# What to do
Find the lines in the records below that contain "edges", and report each of them.

Data to examine: Begin

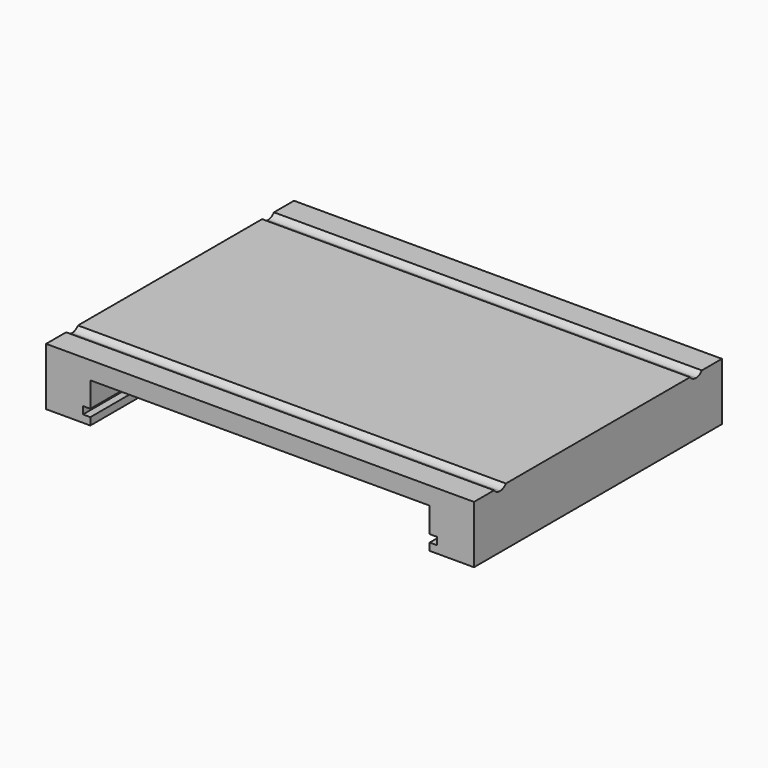
from build123d import *

# Parameters (mm, degrees)
F0_W     = 290
F0_H     = 210
F1_DEPTH = 12
F2_W     = 30
F2_H     = 210
F3_DEPTH = 27
F4_W     = 5
F4_H     = 5
F5_DEPTH = 210.001
F7_DEPTH = 290.001


# Not quite as in the source:
# - a pattern or mirror of a feature is missing from the dataset's text; its kind, count and spacing are read off the source's solid


with BuildPart() as f1:
    # F0 (on Top) → F1 (new body)
    with BuildSketch(Plane.XY):
        Rectangle(F0_W, F0_H)
    extrude(amount=-F1_DEPTH)

    # F2 (on face) → F3 (join)
    with BuildSketch(Plane(origin=(0, 0, -12), x_dir=(1, 0, 0), z_dir=(0, 0, -1))):
        with Locations((130, 0)):
            Rectangle(F2_W, F2_H)
        with Locations((-130, 0)):
            Rectangle(F2_W, F2_H)
    extrude(amount=F3_DEPTH)

    # F4 (on face) → F5 (cut, through all)
    with BuildSketch(Plane.XZ.offset(105)):
        with Locations((-117.5, -31.5)):
            Rectangle(F4_W, F4_H)
        with Locations((117.5, -31.5)):
            Rectangle(F4_W, F4_H)
    extrude(amount=-F5_DEPTH, mode=Mode.SUBTRACT)

    # F6 (on face) → F7 (cut, through all)
    with BuildSketch(Plane(origin=(-145, 0, 0), x_dir=(0, -1, 0), z_dir=(-1, 0, 0))):
        with BuildLine():
            Line((-78, 0), (-88, 0))
            ThreePointArc((-88, 0), (-85.7950849719, -1.8401699437), (-83, -2.5))
            ThreePointArc((-83, -2.5), (-80.2049150281, -1.8401699437), (-78, 0))
        make_face()
    f7 = extrude(amount=-F7_DEPTH, mode=Mode.SUBTRACT)

    # F7_copies: F7 across plane
    add(f7.mirror(Plane(origin=(0, 0, 0), x_dir=(0, 0, -1), z_dir=(0, -1, 0))), mode=Mode.SUBTRACT)


solid = f1.part
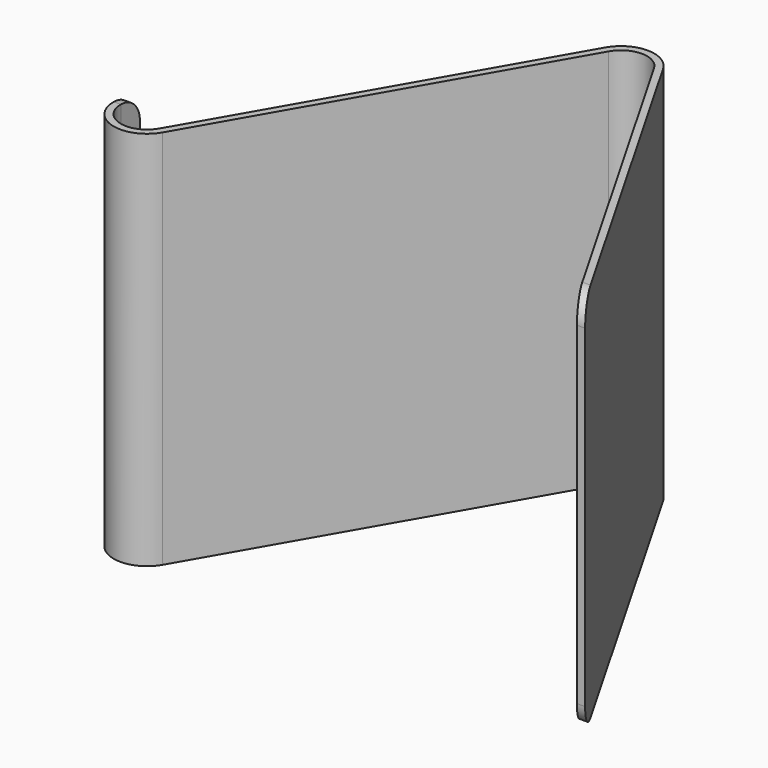
from build123d import *

# Parameters (mm, degrees)
F1_DEPTH    = 40
F2_T1_DEPTH = 14
F2_T3_DEPTH = 26.7295341336


# Not quite as in the source:
# - a fillet or chamfer that OpenCascade refuses, or shapes differently, is made with other operations: its cross-section is extruded or revolved along the edge and cut away or added


with BuildPart() as f1:
    # F0 (on Top) → F1 (new body, symmetric)
    with BuildSketch(Plane.XY):
        with BuildLine():
            Line((-7, 5), (-7, 0))
            ThreePointArc((-7, 0), (-1.8031925829, -6.7637634871), (6.0709990026, -3.484676615))
            Line((6.0709990026, -3.484676615), (45.2299293551, 64.7379601975))
            ThreePointArc((45.2299293551, 64.7379601975), (50, 67.5), (54.7700706449, 64.7379601975))
            Line((54.7700706449, 64.7379601975), (95.9467521433, -7))
            Line((95.9467521433, -7), (97.6762862769, -7))
            Line((97.6762862769, -7), (56.0709990026, 65.484676615))
            ThreePointArc((56.0709990026, 65.484676615), (50, 69), (43.9290009974, 65.484676615))
            Line((43.9290009974, 65.484676615), (4.7700706449, -2.7379601975))
            ThreePointArc((4.7700706449, -2.7379601975), (-1.4167941723, -5.314385597), (-5.5, 0))
            Line((-5.5, 0), (-5.5, 5))
            Line((-5.5, 5), (-7, 5))
        make_face()
    extrude(amount=F1_DEPTH, both=True)

    # F2: fillet of radius 5 on 4 edges, made by hand

    # F2_s2 → F2_t1 (cut)
    with BuildSketch(Plane.YZ.offset(-19.5)):
        with BuildLine():
            ThreePointArc((5, 35), (3.5355339059, 38.5355339059), (0, 40))
            Line((0, 40), (5, 40))
            Line((5, 40), (5, 35))
        make_face()
        with BuildLine():
            ThreePointArc((5, -35), (3.5355339059, -38.5355339059), (0, -40))
            Line((0, -40), (5, -40))
            Line((5, -40), (5, -35))
        make_face()
    extrude(amount=F2_T1_DEPTH, mode=Mode.SUBTRACT)

    # F2_s4 → F2_t3 (cut)
    with BuildSketch(Plane.YZ.offset(83.4467521433)):
        with BuildLine():
            ThreePointArc((-7, 35), (-5.5355339059, 38.5355339059), (-2, 40))
            Line((-2, 40), (-7, 40))
            Line((-7, 40), (-7, 35))
        make_face()
        with BuildLine():
            ThreePointArc((-7, -35), (-5.5355339059, -38.5355339059), (-2, -40))
            Line((-2, -40), (-7, -40))
            Line((-7, -40), (-7, -35))
        make_face()
    extrude(amount=F2_T3_DEPTH, mode=Mode.SUBTRACT)


solid = f1.part
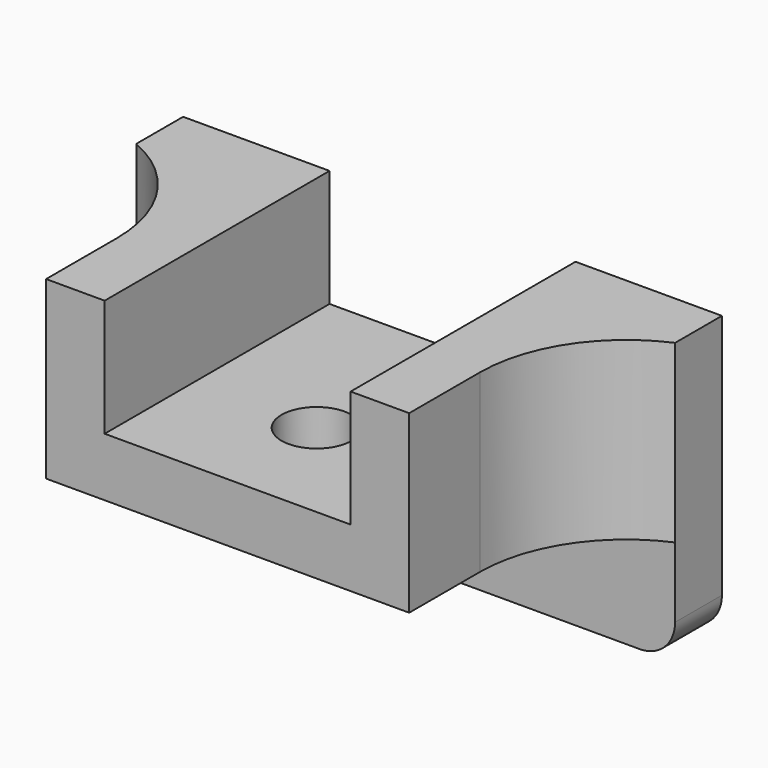
from build123d import *

# Parameters (mm, degrees)
F1_DEPTH    = 48
F2_DEPTH    = 10
F3_R        = 6
F4_DEPTH    = 3
F5_DEPTH    = 5
F6_T1_DEPTH = 30
F7_D        = 12


# Not quite as in the source:
# - a fillet or chamfer that OpenCascade refuses, or shapes differently, is made with other operations: its cross-section is extruded or revolved along the edge and cut away or added


with BuildPart() as f1:
    # F0 (on Front) → F1 (new body)
    with BuildSketch(Plane.XZ):
        Polygon((-21, 0), (-31, 0), (-31, -30), (31, -30), (31, 0), (21, 0), (21, -20), (-21, -20), align=None)
    extrude(amount=F1_DEPTH)

    # F0 (on Front) → F2 (join)
    with BuildSketch(Plane.XZ):
        with BuildLine():
            Line((-31, 0), (-46, 0))
            Line((-46, 0), (-46, -42))
            ThreePointArc((-46, -42), (-44.2426406871, -46.2426406871), (-40, -48))
            Line((-40, -48), (40, -48))
            ThreePointArc((40, -48), (44.2426406871, -46.2426406871), (46, -42))
            Line((46, -42), (46, 0))
            Line((46, 0), (31, 0))
            Line((31, 0), (31, -30))
            Line((31, -30), (-31, -30))
            Line((-31, -30), (-31, 0))
        make_face()
        Polygon((-21, 0), (-31, 0), (-31, -30), (31, -30), (31, 0), (21, 0), (21, -20), (-21, -20), align=None)
    extrude(amount=F2_DEPTH)

    # F3 (on face) → F4 (join)
    with BuildSketch(Plane(origin=(0, 0, -30), x_dir=(1, 0, 0), z_dir=(0, 0, -1))):
        with BuildLine():
            Line((13.9955899146, 15), (13.9955899146, 28.6486270591))
            ThreePointArc((13.9955899146, 28.6486270591), (0.0417417441, 42.9999377722), (-13.9974363474, 28.7320901258))
            Line((-13.9974363474, 28.7320901258), (-13.7346051799, 15))
            Line((-13.7346051799, 15), (13.9955899146, 15))
        make_face()
        with Locations((0, 29)):
            Circle(F3_R, mode=Mode.SUBTRACT)
    extrude(amount=F4_DEPTH)

    # F3 (on face) → F5 (join)
    with BuildSketch(Plane(origin=(0, 0, -30), x_dir=(1, 0, 0), z_dir=(0, 0, -1))):
        Polygon((13.9955899146, 10), (13.9955899146, 15), (-13.7346051799, 15), (-13.6389055576, 10), align=None)
    extrude(amount=F5_DEPTH)

    # F6: fillet of radius 25 on 2 edges, made by hand

    # F6_s2 → F6_t1 (join)
    with BuildSketch(Plane.XY.offset(-30)):
        with BuildLine():
            ThreePointArc((31, -32.9128784748), (35.0834993366, -19.2198145372), (46, -10))
            Line((46, -10), (31, -10))
            Line((31, -10), (31, -32.9128784748))
        make_face()
        with BuildLine():
            ThreePointArc((-46, -10), (-35.0834993366, -19.2198145372), (-31, -32.9128784748))
            Line((-31, -32.9128784748), (-31, -10))
            Line((-31, -10), (-46, -10))
        make_face()
    extrude(amount=F6_T1_DEPTH)

    # F7 (through all)
    with Locations(Plane(origin=(0, 0, -30), x_dir=(1, 0, 0), z_dir=(0, 0, -1))):
        with Locations((0, 29)):
            Hole(F7_D / 2)


solid = f1.part

Data to examine: End

# Your solution
    # F2: fillet of radius 5 on 4 edges, made by hand
    # F6: fillet of radius 25 on 2 edges, made by hand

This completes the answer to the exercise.